# Kartenspiel programmieren



## sarenity (24. März 2009)

Hi,
ich würde gerne das Kartenspiel Schnauz/Schwimmen/31 programmieren.
Das Spiel sollte man dann zu viert online spielen können...
Ich weiß, dass man sowas nicht von heute auf morgen lernen kann, jedoch würde ich mich freuen, wenn jemand Tipps/Tutorials für mich hat die mir dabei helfen können!
Damit ich einfach mal einen Anfang hab...
Danke schon im voraus!


----------



## Clash (25. März 2009)

also du möchtest das sicherlich mit ner netten benutzeroberfläche haben, also solltest du mal nach swing bzw. rich client applications schauen. 
für die kommunikation über netzwerk/i-net kannst du dir hier infos holen
http://openbook.galileocomputing.de...18_001.htm#mje97695c9d9267da9ba82fdb524527638
dabei solltest du dir überlegen ob ein spieler die serverrolle übernimmt oder ob ein "zentraler" server als kontrollinstanz dienen soll....
grüße,
clash


----------



## takidoso (27. März 2009)

zum Thema Netzwerke ist es immer so eine Sache rechenr zu verrbinden die in verschiedenn LANs stehen. Da heute viele Leute ihren Weg zum Internet zu mit einem Router kanalisieren, wird die einfache Socket-Programmeirung nicht mehr so trivial, wenn man auch Leute via Internet erreichen möchte. 
JXTA ist eine Technologie, die da einiges bereit hält. Ich selbst habe zwar auch noch keine praktischen Erfahrungen bisher sammeln können, habe es aber demnächst vor.


----------



## danielm (15. April 2009)

Ich glaub nicht, dass er den Krams über p2p laufen lassen will... Für so 'ne kleine Spielerei reicht doch ne einfache Client/Server Struktur. Muss man halt nen Port aufmachen.

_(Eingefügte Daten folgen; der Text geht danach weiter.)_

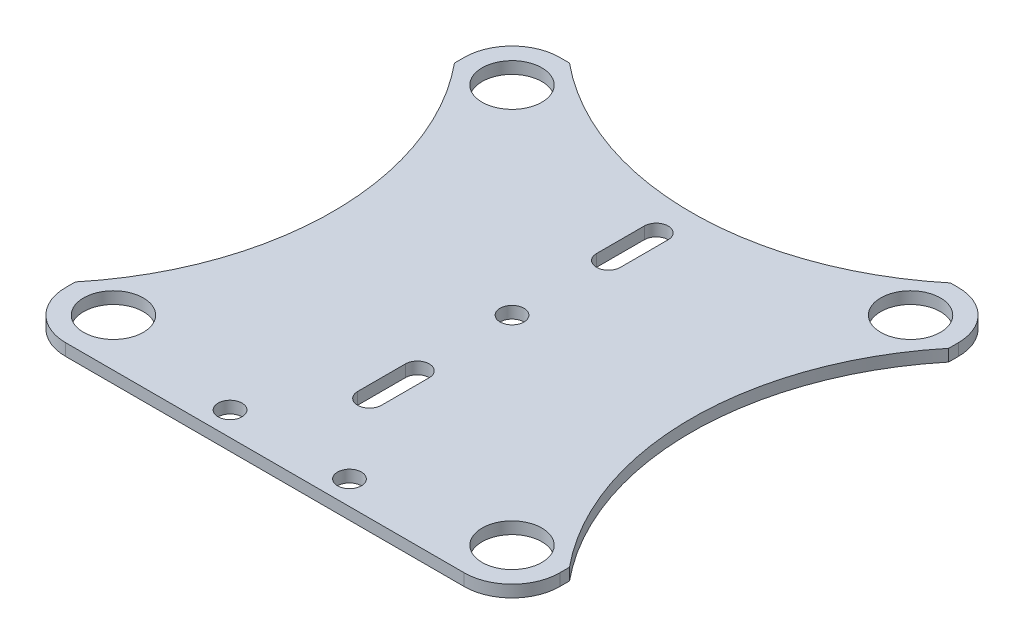
from build123d import *

# Parameters (mm, degrees)
SKETCH1_R           = 5
SKETCH1_R_2         = 2
BOSS_EXTRUDE1_DEPTH = 2


with BuildPart() as part:
    # Sketch1 → Boss-Extrude1 (new body)
    with BuildSketch(Plane(origin=(0, 0, 0), x_dir=(1, 0, 0), z_dir=(0, 1, 0))):
        with BuildLine():
            Line((32.038903515, 41.368938053), (33.368938053, 41.368938053))
            ThreePointArc((33.368938053, 41.368938053), (39.025792302, 39.025792302), (41.368938053, 33.368938053))
            Line((41.368938053, 33.368938053), (41.368938053, 31.743362343))
            ThreePointArc((41.368938053, 31.743362343), (30, 0), (41.368938053, -31.743362343))
            Line((41.368938053, -31.743362343), (41.368938053, -33.368938053))
            ThreePointArc((41.368938053, -33.368938053), (39.025792302, -39.025792302), (33.368938053, -41.368938053))
            Line((33.368938053, -41.368938053), (32.038903515, -41.368938053))
            Line((32.038903515, -41.368938053), (-31.743362343, -41.368938053))
            Line((-31.743362343, -41.368938053), (-33.368938053, -41.368938053))
            ThreePointArc((-33.368938053, -41.368938053), (-39.025792302, -39.025792302), (-41.368938053, -33.368938053))
            Line((-41.368938053, -33.368938053), (-41.368938053, -31.743362343))
            ThreePointArc((-41.368938053, -31.743362343), (-30, 0), (-41.368938053, 31.743362343))
            Line((-41.368938053, 31.743362343), (-41.368938053, 33.368938053))
            ThreePointArc((-41.368938053, 33.368938053), (-39.025792302, 39.025792302), (-33.368938053, 41.368938053))
            Line((-33.368938053, 41.368938053), (-31.743362343, 41.368938053))
            ThreePointArc((-31.743362343, 41.368938053), (0.147770586, 29.90602396), (32.038903515, 41.368938053))
        make_face()
        with Locations((-33.368938053, 33.368938053)):
            Circle(SKETCH1_R, mode=Mode.SUBTRACT)
        with Locations((33.368938053, 33.368938053)):
            Circle(SKETCH1_R, mode=Mode.SUBTRACT)
        with Locations((-33.368938053, -33.368938053)):
            Circle(SKETCH1_R, mode=Mode.SUBTRACT)
        with Locations((33.368938053, -33.368938053)):
            Circle(SKETCH1_R, mode=Mode.SUBTRACT)
        Circle(SKETCH1_R_2, mode=Mode.SUBTRACT)
        with Locations((10.147770586, -37.36127525)):
            Circle(SKETCH1_R_2, mode=Mode.SUBTRACT)
        with Locations((-9.852229414, -37.36127525)):
            Circle(SKETCH1_R_2, mode=Mode.SUBTRACT)
        with BuildLine():
            Line((2.147770586, 24), (2.147770586, 16))
            ThreePointArc((2.147770586, 16), (0.147770586, 14), (-1.852229414, 16))
            Line((-1.852229414, 16), (-1.852229414, 24))
            ThreePointArc((-1.852229414, 24), (0.147770586, 26), (2.147770586, 24))
        make_face(mode=Mode.SUBTRACT)
        with BuildLine():
            Line((-1.852229414, -24), (-1.852229414, -16))
            ThreePointArc((-1.852229414, -16), (0.147770586, -14), (2.147770586, -16))
            Line((2.147770586, -16), (2.147770586, -24))
            ThreePointArc((2.147770586, -24), (0.147770586, -26), (-1.852229414, -24))
        make_face(mode=Mode.SUBTRACT)
    extrude(amount=BOSS_EXTRUDE1_DEPTH)


solid = part.part

Und selbst mit JXTA kommt man nicht durch ne Firewall bzw. NAT.


> A peer behind a firewall can send a message directly to a peer outside a firewall, but a peer outside the firewall cannot establish a direct connection with a peer behind the firewall. The same is true for peers which are behind a NAT device.


----------



## takidoso (16. April 2009)

Das stimmt einerseits, aber anderreseits gibt es Protokolle mit denen man .sich trifft. Das heißt man benötigt im Grunde nur einen Peer der auch gleichzeitig als Rendevous Peer arbeitet. Wird man nicht an diesen durchgelassen, da man selbst keinen Einfluß auf den LAN, in dem man sich befindet, hat,  erreicht man das ganze notfalls über HTTP,  wobei technisch gesehen permanent gepollt wird. Irgendwo habe ich das in den JXTA-Dokus gelesen, dass dies mit JXTA auch implementiert sei.
Also sofern nicht HTTP auch abgeknapst ist, bliebe diese Möglichkeit

Leider habe ich bisher  dort auch noch keine praktischen Erfahrungen, da mich z.Z. dummerweise meine Motivation verlassen hat.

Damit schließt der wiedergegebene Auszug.